ACTIVITY
Only one stretch of the data below is wanted: the lines starting at the one with "floor ground (ExtSlabCarpet): 0,0" and ending at the one with "-24.55,-20.6 0,0 z0:12.05", both included, given again exactly.

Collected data
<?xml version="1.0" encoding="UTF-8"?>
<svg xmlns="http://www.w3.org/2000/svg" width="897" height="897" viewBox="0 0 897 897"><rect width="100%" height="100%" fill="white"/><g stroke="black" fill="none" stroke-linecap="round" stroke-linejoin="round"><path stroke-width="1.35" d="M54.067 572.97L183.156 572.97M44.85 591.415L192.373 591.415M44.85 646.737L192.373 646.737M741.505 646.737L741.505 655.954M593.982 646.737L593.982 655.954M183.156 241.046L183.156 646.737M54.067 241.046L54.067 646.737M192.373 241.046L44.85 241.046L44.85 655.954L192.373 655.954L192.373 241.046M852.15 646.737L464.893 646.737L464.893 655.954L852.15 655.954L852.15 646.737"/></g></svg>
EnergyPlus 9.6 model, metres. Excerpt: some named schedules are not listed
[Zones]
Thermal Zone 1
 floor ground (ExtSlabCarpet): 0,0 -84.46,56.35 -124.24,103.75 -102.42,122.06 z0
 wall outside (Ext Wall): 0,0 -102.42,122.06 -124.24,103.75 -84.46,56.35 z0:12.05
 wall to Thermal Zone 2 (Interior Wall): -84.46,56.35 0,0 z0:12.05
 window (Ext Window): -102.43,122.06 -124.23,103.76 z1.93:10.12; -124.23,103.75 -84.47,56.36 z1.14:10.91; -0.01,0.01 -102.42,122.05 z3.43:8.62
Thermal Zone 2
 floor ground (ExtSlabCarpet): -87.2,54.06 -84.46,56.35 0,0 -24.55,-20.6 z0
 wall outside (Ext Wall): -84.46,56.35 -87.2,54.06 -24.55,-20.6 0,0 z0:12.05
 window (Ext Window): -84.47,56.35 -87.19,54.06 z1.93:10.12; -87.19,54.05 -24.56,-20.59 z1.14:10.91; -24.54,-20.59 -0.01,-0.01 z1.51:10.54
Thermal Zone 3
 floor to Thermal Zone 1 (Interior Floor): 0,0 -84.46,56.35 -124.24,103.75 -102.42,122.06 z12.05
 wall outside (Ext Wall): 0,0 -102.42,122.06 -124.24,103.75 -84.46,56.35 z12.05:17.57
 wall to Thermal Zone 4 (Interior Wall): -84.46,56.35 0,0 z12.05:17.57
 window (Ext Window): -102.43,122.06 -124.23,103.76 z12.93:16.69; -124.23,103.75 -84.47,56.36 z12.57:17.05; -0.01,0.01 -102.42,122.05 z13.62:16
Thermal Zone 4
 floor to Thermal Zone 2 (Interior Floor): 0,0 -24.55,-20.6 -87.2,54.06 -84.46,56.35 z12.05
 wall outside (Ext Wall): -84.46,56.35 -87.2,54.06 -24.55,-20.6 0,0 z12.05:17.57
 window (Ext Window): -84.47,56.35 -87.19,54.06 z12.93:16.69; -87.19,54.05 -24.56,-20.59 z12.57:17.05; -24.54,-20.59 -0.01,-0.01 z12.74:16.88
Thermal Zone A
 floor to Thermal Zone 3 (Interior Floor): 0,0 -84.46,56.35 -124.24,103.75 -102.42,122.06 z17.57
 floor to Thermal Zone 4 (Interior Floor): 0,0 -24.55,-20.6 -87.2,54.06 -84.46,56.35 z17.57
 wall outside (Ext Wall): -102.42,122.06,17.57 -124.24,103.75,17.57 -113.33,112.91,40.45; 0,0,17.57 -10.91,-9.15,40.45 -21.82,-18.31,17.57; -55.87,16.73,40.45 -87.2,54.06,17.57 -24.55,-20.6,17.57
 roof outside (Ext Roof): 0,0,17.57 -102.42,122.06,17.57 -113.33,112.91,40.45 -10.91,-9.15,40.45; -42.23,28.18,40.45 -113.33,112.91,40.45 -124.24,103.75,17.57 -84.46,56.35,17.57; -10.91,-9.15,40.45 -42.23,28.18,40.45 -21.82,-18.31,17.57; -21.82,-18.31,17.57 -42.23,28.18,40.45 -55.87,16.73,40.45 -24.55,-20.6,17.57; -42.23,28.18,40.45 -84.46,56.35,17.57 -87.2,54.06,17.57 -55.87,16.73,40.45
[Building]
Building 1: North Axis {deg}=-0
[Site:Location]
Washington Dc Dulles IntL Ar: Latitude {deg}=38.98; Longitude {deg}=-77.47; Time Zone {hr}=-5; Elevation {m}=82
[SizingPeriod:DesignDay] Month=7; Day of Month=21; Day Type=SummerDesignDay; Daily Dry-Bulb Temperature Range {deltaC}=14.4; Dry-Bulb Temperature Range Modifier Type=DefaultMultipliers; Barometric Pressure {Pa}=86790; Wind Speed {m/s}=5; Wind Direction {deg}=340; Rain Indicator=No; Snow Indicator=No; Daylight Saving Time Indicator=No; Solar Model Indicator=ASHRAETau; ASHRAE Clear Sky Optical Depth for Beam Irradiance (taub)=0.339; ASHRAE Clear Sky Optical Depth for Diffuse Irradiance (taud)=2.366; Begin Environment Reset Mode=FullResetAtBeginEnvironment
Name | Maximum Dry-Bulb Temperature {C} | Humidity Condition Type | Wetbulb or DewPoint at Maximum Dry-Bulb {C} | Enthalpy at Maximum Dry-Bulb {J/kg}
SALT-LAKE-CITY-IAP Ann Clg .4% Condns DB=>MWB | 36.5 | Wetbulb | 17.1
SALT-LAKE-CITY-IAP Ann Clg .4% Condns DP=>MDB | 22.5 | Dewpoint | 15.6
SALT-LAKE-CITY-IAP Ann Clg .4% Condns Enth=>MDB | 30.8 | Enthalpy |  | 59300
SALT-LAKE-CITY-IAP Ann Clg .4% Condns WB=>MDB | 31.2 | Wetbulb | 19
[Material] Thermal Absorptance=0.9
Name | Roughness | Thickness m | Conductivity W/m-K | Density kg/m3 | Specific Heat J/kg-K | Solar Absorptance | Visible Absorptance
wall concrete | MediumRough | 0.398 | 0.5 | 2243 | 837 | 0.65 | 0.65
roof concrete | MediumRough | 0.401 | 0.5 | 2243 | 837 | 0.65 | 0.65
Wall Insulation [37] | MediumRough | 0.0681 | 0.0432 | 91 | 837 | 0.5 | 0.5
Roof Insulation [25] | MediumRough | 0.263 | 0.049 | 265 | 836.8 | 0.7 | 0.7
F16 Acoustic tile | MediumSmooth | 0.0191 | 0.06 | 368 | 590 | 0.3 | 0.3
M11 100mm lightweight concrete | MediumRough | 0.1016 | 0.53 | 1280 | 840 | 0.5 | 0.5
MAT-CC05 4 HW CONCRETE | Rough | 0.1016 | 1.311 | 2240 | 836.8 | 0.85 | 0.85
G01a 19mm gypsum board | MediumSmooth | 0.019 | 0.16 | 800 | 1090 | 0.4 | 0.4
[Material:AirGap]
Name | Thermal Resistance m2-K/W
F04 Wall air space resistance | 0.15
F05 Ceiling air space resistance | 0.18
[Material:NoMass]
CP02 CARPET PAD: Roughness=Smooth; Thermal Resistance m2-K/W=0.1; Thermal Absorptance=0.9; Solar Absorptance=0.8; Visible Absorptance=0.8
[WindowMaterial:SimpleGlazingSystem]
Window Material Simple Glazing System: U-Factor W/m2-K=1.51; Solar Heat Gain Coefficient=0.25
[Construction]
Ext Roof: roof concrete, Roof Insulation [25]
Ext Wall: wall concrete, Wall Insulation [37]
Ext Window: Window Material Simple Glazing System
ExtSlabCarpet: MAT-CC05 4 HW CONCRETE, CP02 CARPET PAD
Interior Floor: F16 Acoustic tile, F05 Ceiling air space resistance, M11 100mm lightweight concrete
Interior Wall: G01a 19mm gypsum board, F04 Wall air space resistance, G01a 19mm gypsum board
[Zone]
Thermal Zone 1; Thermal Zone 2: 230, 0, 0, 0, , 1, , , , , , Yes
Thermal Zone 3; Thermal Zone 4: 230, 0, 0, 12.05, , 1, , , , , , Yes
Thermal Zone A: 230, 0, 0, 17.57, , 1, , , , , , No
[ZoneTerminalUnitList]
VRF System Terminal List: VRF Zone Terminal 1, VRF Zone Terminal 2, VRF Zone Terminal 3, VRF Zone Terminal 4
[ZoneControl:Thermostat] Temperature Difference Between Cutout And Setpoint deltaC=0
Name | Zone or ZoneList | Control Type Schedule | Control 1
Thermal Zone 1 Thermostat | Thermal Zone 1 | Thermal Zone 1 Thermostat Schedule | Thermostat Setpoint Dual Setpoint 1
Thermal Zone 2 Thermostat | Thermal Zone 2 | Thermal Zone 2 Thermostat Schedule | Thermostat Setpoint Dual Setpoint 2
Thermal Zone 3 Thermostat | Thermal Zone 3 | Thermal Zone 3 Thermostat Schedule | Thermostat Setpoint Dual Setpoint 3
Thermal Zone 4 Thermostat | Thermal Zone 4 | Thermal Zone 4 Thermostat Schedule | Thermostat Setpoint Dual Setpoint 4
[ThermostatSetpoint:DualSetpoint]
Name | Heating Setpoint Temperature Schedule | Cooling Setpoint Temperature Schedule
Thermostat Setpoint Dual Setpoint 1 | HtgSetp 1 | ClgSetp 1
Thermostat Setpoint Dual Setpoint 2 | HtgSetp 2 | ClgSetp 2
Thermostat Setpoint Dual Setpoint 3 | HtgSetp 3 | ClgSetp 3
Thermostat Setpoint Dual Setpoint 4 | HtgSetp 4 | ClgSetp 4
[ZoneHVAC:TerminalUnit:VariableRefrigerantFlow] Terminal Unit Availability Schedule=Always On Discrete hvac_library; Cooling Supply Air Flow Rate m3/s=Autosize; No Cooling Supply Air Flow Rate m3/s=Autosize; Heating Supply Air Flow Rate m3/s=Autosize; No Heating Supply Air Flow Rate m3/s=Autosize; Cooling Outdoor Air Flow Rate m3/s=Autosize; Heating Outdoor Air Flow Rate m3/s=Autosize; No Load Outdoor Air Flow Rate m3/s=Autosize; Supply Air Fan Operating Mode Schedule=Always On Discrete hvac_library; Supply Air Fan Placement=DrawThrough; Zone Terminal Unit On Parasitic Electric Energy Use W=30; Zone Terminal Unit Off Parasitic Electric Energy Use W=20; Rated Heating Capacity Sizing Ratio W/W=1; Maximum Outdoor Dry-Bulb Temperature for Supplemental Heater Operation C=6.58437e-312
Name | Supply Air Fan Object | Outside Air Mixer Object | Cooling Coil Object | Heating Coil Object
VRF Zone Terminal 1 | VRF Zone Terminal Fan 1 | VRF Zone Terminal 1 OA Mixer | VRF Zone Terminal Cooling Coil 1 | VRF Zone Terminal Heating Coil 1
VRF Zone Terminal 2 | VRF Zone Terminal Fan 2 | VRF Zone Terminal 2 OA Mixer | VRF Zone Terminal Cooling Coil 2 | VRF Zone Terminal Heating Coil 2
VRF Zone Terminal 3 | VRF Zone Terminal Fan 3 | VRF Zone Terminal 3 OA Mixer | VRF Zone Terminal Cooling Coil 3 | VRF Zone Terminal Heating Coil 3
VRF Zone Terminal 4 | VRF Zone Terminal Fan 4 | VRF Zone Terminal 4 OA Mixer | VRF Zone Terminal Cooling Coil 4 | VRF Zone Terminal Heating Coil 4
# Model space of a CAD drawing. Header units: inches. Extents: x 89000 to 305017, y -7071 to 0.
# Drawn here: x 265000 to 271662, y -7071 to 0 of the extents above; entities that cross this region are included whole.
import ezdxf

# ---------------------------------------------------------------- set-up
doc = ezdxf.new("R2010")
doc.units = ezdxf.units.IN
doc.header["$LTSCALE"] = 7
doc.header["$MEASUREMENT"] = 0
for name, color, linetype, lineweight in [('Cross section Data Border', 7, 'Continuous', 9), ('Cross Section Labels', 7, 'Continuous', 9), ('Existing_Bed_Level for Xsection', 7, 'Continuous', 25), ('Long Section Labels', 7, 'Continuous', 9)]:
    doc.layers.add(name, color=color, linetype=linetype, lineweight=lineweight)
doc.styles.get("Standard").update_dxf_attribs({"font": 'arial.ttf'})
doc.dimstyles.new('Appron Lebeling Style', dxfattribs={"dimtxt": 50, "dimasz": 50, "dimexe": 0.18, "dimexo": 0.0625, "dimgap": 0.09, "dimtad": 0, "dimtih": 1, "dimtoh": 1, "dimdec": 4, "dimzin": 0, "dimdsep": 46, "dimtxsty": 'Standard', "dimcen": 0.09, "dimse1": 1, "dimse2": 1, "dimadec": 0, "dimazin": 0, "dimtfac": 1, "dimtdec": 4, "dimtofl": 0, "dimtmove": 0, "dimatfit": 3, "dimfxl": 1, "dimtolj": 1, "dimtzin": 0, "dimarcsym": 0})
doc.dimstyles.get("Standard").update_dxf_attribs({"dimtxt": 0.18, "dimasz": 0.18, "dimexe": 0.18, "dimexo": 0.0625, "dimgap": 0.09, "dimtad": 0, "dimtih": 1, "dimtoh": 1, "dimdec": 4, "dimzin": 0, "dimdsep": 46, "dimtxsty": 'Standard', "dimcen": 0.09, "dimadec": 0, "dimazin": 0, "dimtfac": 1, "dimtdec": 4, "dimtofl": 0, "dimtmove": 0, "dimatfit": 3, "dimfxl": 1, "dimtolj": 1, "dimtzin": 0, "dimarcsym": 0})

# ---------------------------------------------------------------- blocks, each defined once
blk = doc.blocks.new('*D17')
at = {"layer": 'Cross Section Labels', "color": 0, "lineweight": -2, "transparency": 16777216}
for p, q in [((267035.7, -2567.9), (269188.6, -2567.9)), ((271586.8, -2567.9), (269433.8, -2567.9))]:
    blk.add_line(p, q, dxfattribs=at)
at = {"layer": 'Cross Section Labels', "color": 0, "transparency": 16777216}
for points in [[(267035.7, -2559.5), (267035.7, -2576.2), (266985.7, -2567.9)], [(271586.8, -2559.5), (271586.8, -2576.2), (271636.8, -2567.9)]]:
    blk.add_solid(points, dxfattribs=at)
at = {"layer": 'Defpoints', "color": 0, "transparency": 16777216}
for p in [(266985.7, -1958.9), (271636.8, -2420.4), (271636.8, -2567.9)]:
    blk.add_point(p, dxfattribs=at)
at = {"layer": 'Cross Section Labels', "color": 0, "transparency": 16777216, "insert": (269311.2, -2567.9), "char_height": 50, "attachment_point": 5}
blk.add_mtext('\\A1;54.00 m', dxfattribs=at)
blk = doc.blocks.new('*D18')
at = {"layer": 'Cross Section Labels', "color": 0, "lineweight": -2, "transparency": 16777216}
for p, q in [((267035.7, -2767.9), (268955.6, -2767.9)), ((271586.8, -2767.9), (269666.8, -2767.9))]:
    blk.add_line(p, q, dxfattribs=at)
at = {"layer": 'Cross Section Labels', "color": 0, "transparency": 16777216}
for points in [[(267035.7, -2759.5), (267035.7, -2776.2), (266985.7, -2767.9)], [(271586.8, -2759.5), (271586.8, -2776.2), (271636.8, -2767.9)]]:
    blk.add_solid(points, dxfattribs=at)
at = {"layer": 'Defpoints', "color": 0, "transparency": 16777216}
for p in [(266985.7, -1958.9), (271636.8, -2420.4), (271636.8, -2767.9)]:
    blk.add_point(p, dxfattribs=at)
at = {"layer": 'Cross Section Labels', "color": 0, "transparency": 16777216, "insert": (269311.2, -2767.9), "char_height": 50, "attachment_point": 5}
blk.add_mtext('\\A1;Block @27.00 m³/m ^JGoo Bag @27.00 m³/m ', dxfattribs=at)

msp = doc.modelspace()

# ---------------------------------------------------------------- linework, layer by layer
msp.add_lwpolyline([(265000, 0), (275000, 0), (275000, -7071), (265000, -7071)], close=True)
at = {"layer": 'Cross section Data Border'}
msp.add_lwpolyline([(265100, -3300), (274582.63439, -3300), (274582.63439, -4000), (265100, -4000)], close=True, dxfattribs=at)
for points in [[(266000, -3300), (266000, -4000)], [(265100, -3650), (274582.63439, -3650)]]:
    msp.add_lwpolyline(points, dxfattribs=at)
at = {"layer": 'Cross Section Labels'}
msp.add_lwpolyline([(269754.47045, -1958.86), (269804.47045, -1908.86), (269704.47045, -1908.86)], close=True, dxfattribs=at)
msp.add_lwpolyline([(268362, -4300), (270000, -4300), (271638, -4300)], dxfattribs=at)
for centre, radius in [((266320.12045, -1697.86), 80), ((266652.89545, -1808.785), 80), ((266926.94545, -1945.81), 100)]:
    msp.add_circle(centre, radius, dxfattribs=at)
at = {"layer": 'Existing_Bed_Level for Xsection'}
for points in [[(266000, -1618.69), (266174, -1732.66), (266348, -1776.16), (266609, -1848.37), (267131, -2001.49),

OUTPUT FOR THIS EXERCISE
 floor ground (ExtSlabCarpet): 0,0 -84.46,56.35 -124.24,103.75 -102.42,122.06 z0
 wall outside (Ext Wall): 0,0 -102.42,122.06 -124.24,103.75 -84.46,56.35 z0:12.05
 wall to Thermal Zone 2 (Interior Wall): -84.46,56.35 0,0 z0:12.05
 window (Ext Window): -102.43,122.06 -124.23,103.76 z1.93:10.12; -124.23,103.75 -84.47,56.36 z1.14:10.91; -0.01,0.01 -102.42,122.05 z3.43:8.62
Thermal Zone 2
 floor ground (ExtSlabCarpet): -87.2,54.06 -84.46,56.35 0,0 -24.55,-20.6 z0
 wall outside (Ext Wall): -84.46,56.35 -87.2,54.06 -24.55,-20.6 0,0 z0:12.05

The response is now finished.